Stored dataset items:
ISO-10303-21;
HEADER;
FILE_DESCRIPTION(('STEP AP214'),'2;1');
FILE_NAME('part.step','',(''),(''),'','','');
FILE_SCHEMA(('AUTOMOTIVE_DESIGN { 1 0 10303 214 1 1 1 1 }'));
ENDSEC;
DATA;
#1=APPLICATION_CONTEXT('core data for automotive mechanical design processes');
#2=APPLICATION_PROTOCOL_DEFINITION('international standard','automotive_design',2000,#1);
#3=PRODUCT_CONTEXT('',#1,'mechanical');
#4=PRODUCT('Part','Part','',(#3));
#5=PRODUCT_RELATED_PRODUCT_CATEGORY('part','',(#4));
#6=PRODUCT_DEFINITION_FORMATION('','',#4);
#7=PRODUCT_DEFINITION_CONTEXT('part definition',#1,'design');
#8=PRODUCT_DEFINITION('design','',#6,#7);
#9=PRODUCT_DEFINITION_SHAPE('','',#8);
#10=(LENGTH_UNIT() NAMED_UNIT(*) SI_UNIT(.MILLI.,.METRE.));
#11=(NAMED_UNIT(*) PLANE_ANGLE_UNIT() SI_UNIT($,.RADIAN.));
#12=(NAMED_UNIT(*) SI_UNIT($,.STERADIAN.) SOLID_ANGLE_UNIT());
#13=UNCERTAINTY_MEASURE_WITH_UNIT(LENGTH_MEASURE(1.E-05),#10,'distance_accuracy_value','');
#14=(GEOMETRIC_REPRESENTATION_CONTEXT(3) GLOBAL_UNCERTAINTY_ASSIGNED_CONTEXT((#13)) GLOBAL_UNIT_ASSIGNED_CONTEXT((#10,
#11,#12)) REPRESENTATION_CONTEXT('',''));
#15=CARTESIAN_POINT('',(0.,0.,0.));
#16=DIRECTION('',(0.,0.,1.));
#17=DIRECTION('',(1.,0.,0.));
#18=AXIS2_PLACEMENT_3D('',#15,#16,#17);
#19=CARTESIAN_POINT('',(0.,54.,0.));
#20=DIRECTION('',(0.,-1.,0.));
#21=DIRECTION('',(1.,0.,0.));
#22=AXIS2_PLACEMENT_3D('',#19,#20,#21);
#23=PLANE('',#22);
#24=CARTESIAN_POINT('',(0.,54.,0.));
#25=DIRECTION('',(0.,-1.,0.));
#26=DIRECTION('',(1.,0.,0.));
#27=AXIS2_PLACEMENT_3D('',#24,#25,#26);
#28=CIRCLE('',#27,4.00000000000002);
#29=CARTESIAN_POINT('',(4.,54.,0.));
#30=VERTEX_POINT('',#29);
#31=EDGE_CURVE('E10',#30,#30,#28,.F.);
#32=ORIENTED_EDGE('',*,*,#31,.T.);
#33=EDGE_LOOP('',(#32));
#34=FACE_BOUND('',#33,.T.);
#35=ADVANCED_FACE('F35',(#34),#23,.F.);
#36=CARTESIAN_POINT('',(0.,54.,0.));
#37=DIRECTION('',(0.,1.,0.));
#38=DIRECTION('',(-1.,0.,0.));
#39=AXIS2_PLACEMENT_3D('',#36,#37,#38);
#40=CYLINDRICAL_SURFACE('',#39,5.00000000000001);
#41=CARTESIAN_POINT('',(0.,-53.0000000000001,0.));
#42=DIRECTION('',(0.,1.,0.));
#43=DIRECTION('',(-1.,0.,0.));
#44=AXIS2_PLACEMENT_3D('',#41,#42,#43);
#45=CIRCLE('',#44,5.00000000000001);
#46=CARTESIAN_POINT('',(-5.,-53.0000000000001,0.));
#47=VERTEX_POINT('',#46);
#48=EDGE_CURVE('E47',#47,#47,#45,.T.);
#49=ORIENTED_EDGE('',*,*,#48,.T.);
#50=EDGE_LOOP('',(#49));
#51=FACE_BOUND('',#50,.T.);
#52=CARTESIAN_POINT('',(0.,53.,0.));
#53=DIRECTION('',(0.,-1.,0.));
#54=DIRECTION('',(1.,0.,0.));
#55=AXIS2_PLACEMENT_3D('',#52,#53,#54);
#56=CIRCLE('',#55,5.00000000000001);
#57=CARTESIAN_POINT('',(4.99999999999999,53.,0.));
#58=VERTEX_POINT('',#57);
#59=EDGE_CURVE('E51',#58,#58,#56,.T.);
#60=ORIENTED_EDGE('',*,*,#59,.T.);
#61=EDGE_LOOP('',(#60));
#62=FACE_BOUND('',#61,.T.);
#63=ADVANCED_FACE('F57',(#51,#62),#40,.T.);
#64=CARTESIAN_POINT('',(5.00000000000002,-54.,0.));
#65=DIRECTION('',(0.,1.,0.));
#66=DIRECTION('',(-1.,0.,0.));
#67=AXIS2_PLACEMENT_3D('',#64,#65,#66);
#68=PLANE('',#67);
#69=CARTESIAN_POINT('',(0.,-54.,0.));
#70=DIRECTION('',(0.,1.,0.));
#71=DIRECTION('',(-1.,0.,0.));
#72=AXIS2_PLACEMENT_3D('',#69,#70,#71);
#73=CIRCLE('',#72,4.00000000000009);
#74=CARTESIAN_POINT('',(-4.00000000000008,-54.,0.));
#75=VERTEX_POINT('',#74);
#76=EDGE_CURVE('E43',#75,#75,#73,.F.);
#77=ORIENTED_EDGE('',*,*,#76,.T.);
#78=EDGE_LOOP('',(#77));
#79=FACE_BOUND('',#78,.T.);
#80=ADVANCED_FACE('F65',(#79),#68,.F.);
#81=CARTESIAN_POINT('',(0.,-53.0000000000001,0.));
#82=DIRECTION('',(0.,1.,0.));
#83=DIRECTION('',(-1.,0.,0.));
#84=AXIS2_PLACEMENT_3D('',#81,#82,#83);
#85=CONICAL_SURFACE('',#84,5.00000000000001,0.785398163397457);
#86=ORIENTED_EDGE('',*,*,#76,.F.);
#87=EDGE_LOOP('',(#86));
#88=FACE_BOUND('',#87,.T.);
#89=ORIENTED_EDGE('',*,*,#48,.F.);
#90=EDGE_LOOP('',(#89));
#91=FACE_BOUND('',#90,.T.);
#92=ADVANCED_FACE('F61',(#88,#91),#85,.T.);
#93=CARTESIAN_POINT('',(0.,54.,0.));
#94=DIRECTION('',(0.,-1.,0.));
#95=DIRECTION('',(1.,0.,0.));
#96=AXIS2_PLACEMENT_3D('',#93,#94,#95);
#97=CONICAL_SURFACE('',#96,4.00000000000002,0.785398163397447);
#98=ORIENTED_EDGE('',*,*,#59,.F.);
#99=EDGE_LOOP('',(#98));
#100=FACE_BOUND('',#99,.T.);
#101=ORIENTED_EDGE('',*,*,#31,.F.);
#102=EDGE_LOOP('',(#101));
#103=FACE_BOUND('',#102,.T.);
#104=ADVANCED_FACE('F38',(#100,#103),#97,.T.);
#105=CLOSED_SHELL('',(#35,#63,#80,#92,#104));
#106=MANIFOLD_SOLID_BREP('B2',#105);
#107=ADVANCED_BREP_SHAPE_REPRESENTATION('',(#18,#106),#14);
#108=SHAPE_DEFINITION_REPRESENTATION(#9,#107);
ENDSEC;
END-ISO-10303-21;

**PROBLEM TO WORK ON**
With no words changed, transcribe the records above.

**SOLUTION**
ISO-10303-21;
HEADER;
FILE_DESCRIPTION(('STEP AP214'),'2;1');
FILE_NAME('part.step','',(''),(''),'','','');
FILE_SCHEMA(('AUTOMOTIVE_DESIGN { 1 0 10303 214 1 1 1 1 }'));
ENDSEC;
DATA;
#1=APPLICATION_CONTEXT('core data for automotive mechanical design processes');
#2=APPLICATION_PROTOCOL_DEFINITION('international standard','automotive_design',2000,#1);
#3=PRODUCT_CONTEXT('',#1,'mechanical');
#4=PRODUCT('Part','Part','',(#3));
#5=PRODUCT_RELATED_PRODUCT_CATEGORY('part','',(#4));
#6=PRODUCT_DEFINITION_FORMATION('','',#4);
#7=PRODUCT_DEFINITION_CONTEXT('part definition',#1,'design');
#8=PRODUCT_DEFINITION('design','',#6,#7);
#9=PRODUCT_DEFINITION_SHAPE('','',#8);
#10=(LENGTH_UNIT() NAMED_UNIT(*) SI_UNIT(.MILLI.,.METRE.));
#11=(NAMED_UNIT(*) PLANE_ANGLE_UNIT() SI_UNIT($,.RADIAN.));
#12=(NAMED_UNIT(*) SI_UNIT($,.STERADIAN.) SOLID_ANGLE_UNIT());
#13=UNCERTAINTY_MEASURE_WITH_UNIT(LENGTH_MEASURE(1.E-05),#10,'distance_accuracy_value','');
#14=(GEOMETRIC_REPRESENTATION_CONTEXT(3) GLOBAL_UNCERTAINTY_ASSIGNED_CONTEXT((#13)) GLOBAL_UNIT_ASSIGNED_CONTEXT((#10,
#11,#12)) REPRESENTATION_CONTEXT('',''));
#15=CARTESIAN_POINT('',(0.,0.,0.));
#16=DIRECTION('',(0.,0.,1.));
#17=DIRECTION('',(1.,0.,0.));
#18=AXIS2_PLACEMENT_3D('',#15,#16,#17);
#19=CARTESIAN_POINT('',(0.,54.,0.));
#20=DIRECTION('',(0.,-1.,0.));
#21=DIRECTION('',(1.,0.,0.));
#22=AXIS2_PLACEMENT_3D('',#19,#20,#21);
#23=PLANE('',#22);
#24=CARTESIAN_POINT('',(0.,54.,0.));
#25=DIRECTION('',(0.,-1.,0.));
#26=DIRECTION('',(1.,0.,0.));
#27=AXIS2_PLACEMENT_3D('',#24,#25,#26);
#28=CIRCLE('',#27,4.00000000000002);
#29=CARTESIAN_POINT('',(4.,54.,0.));
#30=VERTEX_POINT('',#29);
#31=EDGE_CURVE('E10',#30,#30,#28,.F.);
#32=ORIENTED_EDGE('',*,*,#31,.T.);
#33=EDGE_LOOP('',(#32));
#34=FACE_BOUND('',#33,.T.);
#35=ADVANCED_FACE('F35',(#34),#23,.F.);
#36=CARTESIAN_POINT('',(0.,54.,0.));
#37=DIRECTION('',(0.,1.,0.));
#38=DIRECTION('',(-1.,0.,0.));
#39=AXIS2_PLACEMENT_3D('',#36,#37,#38);
#40=CYLINDRICAL_SURFACE('',#39,5.00000000000001);
#41=CARTESIAN_POINT('',(0.,-53.0000000000001,0.));
#42=DIRECTION('',(0.,1.,0.));
#43=DIRECTION('',(-1.,0.,0.));
#44=AXIS2_PLACEMENT_3D('',#41,#42,#43);
#45=CIRCLE('',#44,5.00000000000001);
#46=CARTESIAN_POINT('',(-5.,-53.0000000000001,0.));
#47=VERTEX_POINT('',#46);
#48=EDGE_CURVE('E47',#47,#47,#45,.T.);
#49=ORIENTED_EDGE('',*,*,#48,.T.);
#50=EDGE_LOOP('',(#49));
#51=FACE_BOUND('',#50,.T.);
#52=CARTESIAN_POINT('',(0.,53.,0.));
#53=DIRECTION('',(0.,-1.,0.));
#54=DIRECTION('',(1.,0.,0.));
#55=AXIS2_PLACEMENT_3D('',#52,#53,#54);
#56=CIRCLE('',#55,5.00000000000001);
#57=CARTESIAN_POINT('',(4.99999999999999,53.,0.));
#58=VERTEX_POINT('',#57);
#59=EDGE_CURVE('E51',#58,#58,#56,.T.);
#60=ORIENTED_EDGE('',*,*,#59,.T.);
#61=EDGE_LOOP('',(#60));
#62=FACE_BOUND('',#61,.T.);
#63=ADVANCED_FACE('F57',(#51,#62),#40,.T.);
#64=CARTESIAN_POINT('',(5.00000000000002,-54.,0.));
#65=DIRECTION('',(0.,1.,0.));
#66=DIRECTION('',(-1.,0.,0.));
#67=AXIS2_PLACEMENT_3D('',#64,#65,#66);
#68=PLANE('',#67);
#69=CARTESIAN_POINT('',(0.,-54.,0.));
#70=DIRECTION('',(0.,1.,0.));
#71=DIRECTION('',(-1.,0.,0.));
#72=AXIS2_PLACEMENT_3D('',#69,#70,#71);
#73=CIRCLE('',#72,4.00000000000009);
#74=CARTESIAN_POINT('',(-4.00000000000008,-54.,0.));
#75=VERTEX_POINT('',#74);
#76=EDGE_CURVE('E43',#75,#75,#73,.F.);
#77=ORIENTED_EDGE('',*,*,#76,.T.);
#78=EDGE_LOOP('',(#77));
#79=FACE_BOUND('',#78,.T.);
#80=ADVANCED_FACE('F65',(#79),#68,.F.);
#81=CARTESIAN_POINT('',(0.,-53.0000000000001,0.));
#82=DIRECTION('',(0.,1.,0.));
#83=DIRECTION('',(-1.,0.,0.));
#84=AXIS2_PLACEMENT_3D('',#81,#82,#83);
#85=CONICAL_SURFACE('',#84,5.00000000000001,0.785398163397457);
#86=ORIENTED_EDGE('',*,*,#76,.F.);
#87=EDGE_LOOP('',(#86));
#88=FACE_BOUND('',#87,.T.);
#89=ORIENTED_EDGE('',*,*,#48,.F.);
#90=EDGE_LOOP('',(#89));
#91=FACE_BOUND('',#90,.T.);
#92=ADVANCED_FACE('F61',(#88,#91),#85,.T.);
#93=CARTESIAN_POINT('',(0.,54.,0.));
#94=DIRECTION('',(0.,-1.,0.));
#95=DIRECTION('',(1.,0.,0.));
#96=AXIS2_PLACEMENT_3D('',#93,#94,#95);
#97=CONICAL_SURFACE('',#96,4.00000000000002,0.785398163397447);
#98=ORIENTED_EDGE('',*,*,#59,.F.);
#99=EDGE_LOOP('',(#98));
#100=FACE_BOUND('',#99,.T.);
#101=ORIENTED_EDGE('',*,*,#31,.F.);
#102=EDGE_LOOP('',(#101));
#103=FACE_BOUND('',#102,.T.);
#104=ADVANCED_FACE('F38',(#100,#103),#97,.T.);
#105=CLOSED_SHELL('',(#35,#63,#80,#92,#104));
#106=MANIFOLD_SOLID_BREP('B2',#105);
#107=ADVANCED_BREP_SHAPE_REPRESENTATION('',(#18,#106),#14);
#108=SHAPE_DEFINITION_REPRESENTATION(#9,#107);
ENDSEC;
END-ISO-10303-21;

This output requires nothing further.